### How to complete this task
Wherever a line of the data contains "point", copy that line.
BEGIN Extracted information
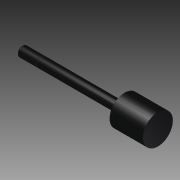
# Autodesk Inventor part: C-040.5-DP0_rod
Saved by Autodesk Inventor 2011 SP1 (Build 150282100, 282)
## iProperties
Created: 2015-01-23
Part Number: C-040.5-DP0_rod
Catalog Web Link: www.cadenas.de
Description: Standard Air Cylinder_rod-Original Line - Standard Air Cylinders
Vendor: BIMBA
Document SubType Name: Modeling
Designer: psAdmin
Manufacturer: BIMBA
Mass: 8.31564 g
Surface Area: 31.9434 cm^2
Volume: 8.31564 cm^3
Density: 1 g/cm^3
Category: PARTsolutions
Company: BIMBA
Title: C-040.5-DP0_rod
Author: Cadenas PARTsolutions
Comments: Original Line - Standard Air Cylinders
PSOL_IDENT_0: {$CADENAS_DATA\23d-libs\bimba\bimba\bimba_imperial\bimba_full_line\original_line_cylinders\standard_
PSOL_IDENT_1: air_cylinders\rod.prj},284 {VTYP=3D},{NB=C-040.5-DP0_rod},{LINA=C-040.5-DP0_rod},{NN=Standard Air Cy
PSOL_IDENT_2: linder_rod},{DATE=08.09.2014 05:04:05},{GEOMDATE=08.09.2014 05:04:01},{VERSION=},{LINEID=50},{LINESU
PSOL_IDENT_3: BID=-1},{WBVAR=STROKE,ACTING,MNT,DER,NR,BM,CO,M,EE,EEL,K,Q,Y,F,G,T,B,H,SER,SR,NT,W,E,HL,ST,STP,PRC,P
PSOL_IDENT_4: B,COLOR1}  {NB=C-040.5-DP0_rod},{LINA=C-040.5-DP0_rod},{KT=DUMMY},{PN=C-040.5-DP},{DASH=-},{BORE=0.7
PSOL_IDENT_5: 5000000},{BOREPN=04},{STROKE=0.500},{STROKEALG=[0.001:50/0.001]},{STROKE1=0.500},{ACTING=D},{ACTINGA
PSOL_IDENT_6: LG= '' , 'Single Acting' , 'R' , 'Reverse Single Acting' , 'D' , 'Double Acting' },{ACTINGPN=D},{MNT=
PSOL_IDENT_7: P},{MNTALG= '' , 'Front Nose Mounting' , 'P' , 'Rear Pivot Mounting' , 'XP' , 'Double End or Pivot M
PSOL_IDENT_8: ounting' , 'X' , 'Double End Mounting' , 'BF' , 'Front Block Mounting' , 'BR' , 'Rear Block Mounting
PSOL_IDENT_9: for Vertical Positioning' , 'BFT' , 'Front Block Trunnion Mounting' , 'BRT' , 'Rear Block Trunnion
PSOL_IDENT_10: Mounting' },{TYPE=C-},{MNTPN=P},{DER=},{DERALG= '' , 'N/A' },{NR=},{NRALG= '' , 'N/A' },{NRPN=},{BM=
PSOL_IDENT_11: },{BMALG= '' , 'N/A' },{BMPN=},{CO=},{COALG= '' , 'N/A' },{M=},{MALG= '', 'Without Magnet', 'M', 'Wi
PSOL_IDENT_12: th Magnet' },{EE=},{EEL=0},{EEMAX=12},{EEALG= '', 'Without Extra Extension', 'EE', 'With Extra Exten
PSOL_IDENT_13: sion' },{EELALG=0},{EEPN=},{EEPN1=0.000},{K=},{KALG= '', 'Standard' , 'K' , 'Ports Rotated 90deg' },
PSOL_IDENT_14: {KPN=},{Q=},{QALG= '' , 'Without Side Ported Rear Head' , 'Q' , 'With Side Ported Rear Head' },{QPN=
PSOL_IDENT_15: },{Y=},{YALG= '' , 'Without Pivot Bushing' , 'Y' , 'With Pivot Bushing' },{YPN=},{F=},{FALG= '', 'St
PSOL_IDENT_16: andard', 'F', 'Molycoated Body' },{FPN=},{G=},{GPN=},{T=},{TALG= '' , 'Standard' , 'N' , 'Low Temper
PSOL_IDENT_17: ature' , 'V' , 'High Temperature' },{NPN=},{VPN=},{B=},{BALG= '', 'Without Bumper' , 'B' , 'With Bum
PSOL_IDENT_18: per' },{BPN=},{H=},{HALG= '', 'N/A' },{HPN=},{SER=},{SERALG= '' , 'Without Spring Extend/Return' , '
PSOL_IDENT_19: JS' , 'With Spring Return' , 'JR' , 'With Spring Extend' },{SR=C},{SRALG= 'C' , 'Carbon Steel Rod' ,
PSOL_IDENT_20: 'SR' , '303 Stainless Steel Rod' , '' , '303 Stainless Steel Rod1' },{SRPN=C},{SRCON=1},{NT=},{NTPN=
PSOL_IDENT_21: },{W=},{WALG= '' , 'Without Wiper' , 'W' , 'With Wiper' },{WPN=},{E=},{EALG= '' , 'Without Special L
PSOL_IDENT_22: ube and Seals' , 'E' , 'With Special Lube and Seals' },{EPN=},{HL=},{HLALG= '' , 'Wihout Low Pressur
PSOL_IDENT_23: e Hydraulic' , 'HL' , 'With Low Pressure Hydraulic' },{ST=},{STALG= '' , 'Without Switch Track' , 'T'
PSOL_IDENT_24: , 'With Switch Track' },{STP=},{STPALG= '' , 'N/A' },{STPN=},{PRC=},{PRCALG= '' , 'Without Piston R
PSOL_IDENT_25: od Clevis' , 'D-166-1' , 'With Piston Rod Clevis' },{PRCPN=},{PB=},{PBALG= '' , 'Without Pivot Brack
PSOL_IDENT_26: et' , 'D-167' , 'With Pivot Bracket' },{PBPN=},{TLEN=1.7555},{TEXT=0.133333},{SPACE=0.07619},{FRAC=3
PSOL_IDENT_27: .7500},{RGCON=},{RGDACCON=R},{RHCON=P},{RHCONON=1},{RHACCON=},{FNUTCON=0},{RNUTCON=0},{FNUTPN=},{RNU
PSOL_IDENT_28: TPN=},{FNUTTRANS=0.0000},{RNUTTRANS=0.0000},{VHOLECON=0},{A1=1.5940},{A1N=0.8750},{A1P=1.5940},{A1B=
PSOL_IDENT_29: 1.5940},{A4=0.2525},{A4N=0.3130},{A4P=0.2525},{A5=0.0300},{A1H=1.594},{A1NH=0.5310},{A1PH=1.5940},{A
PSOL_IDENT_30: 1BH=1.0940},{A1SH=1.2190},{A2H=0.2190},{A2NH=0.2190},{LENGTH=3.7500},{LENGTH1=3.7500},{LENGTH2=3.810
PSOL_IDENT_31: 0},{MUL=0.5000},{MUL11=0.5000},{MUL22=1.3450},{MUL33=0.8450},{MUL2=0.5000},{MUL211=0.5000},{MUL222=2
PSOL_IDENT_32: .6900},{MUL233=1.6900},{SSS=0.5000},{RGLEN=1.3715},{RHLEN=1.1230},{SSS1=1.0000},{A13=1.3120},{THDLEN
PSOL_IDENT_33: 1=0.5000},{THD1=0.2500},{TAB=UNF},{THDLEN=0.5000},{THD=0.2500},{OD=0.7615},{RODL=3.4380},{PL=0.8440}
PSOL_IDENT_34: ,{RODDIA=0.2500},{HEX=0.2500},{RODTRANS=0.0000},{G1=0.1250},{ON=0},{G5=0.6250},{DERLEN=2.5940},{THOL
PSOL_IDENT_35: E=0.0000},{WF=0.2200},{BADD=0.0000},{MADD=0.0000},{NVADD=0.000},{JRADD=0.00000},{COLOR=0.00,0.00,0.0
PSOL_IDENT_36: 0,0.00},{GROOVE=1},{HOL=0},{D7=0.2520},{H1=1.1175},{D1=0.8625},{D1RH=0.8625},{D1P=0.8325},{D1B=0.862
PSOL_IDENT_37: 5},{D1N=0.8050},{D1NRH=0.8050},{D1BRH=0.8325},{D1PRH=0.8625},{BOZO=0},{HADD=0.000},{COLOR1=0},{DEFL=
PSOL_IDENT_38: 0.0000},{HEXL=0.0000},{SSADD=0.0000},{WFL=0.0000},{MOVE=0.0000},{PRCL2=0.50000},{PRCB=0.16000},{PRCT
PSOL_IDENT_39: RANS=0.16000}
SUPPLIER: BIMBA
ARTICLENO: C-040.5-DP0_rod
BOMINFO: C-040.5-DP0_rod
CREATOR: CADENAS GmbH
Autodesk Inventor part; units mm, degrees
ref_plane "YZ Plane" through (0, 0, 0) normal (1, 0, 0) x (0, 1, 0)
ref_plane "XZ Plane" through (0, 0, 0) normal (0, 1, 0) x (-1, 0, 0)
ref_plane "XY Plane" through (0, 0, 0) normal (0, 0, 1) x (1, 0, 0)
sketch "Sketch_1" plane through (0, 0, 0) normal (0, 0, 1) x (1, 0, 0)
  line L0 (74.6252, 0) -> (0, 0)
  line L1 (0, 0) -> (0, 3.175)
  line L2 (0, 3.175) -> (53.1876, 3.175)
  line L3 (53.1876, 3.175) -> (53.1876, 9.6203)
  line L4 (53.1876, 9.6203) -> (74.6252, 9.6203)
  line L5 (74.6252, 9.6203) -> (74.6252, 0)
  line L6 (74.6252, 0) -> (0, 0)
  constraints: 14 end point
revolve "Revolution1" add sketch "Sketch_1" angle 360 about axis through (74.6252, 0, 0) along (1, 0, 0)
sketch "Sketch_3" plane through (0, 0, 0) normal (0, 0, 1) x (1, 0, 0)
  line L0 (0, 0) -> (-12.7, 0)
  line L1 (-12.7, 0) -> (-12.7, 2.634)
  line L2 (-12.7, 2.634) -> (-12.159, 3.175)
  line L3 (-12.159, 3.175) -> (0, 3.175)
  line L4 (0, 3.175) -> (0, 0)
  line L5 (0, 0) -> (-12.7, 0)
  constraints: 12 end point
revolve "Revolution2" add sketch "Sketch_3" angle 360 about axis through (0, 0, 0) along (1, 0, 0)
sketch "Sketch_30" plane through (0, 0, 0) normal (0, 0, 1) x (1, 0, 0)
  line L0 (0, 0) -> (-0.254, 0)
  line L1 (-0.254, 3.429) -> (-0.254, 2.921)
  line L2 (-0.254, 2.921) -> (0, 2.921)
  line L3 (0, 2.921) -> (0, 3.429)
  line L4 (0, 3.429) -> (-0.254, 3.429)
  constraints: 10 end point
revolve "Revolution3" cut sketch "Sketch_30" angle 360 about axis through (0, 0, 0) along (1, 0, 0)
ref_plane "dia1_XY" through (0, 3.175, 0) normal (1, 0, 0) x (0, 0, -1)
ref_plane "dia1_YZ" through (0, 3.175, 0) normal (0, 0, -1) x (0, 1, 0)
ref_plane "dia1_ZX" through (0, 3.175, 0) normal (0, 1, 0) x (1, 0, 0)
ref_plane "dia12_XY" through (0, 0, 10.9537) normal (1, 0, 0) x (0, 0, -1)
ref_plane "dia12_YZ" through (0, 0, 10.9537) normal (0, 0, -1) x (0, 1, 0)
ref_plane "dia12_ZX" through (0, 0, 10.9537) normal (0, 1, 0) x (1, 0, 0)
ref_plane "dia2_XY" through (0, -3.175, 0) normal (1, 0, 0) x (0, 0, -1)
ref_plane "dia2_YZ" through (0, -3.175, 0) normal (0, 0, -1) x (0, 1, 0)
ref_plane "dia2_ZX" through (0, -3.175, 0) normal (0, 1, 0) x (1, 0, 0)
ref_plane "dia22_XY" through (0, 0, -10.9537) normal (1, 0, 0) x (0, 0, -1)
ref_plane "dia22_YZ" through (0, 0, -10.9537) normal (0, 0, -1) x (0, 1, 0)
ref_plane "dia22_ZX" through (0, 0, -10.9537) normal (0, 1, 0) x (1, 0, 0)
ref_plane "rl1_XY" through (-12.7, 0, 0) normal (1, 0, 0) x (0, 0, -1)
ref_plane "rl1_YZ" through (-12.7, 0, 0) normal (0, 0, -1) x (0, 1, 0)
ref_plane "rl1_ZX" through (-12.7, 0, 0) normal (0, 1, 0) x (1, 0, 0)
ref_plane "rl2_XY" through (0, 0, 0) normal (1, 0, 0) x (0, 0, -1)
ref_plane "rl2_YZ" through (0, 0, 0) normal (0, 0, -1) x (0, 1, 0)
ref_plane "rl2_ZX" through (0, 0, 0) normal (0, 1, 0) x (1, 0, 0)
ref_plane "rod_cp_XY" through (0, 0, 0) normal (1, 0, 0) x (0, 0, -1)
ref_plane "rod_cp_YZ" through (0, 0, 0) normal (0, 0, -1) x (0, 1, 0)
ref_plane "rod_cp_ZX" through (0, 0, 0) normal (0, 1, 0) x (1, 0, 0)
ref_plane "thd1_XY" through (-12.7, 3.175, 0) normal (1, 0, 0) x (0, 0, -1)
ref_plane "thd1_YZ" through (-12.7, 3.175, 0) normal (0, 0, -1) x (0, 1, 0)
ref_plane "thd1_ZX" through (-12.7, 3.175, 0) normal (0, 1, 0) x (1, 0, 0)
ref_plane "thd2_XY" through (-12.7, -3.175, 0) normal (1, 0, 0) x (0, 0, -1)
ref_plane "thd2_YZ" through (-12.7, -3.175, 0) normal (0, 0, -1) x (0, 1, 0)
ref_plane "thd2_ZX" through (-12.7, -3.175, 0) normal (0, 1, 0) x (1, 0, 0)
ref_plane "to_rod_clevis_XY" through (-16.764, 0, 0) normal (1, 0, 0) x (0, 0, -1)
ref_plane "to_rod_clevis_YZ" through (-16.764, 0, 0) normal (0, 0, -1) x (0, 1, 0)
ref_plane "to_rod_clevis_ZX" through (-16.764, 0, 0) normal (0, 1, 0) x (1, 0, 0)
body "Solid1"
END Extracted information
### Exercise answer
  constraints: 14 end point
  constraints: 12 end point
  constraints: 10 end point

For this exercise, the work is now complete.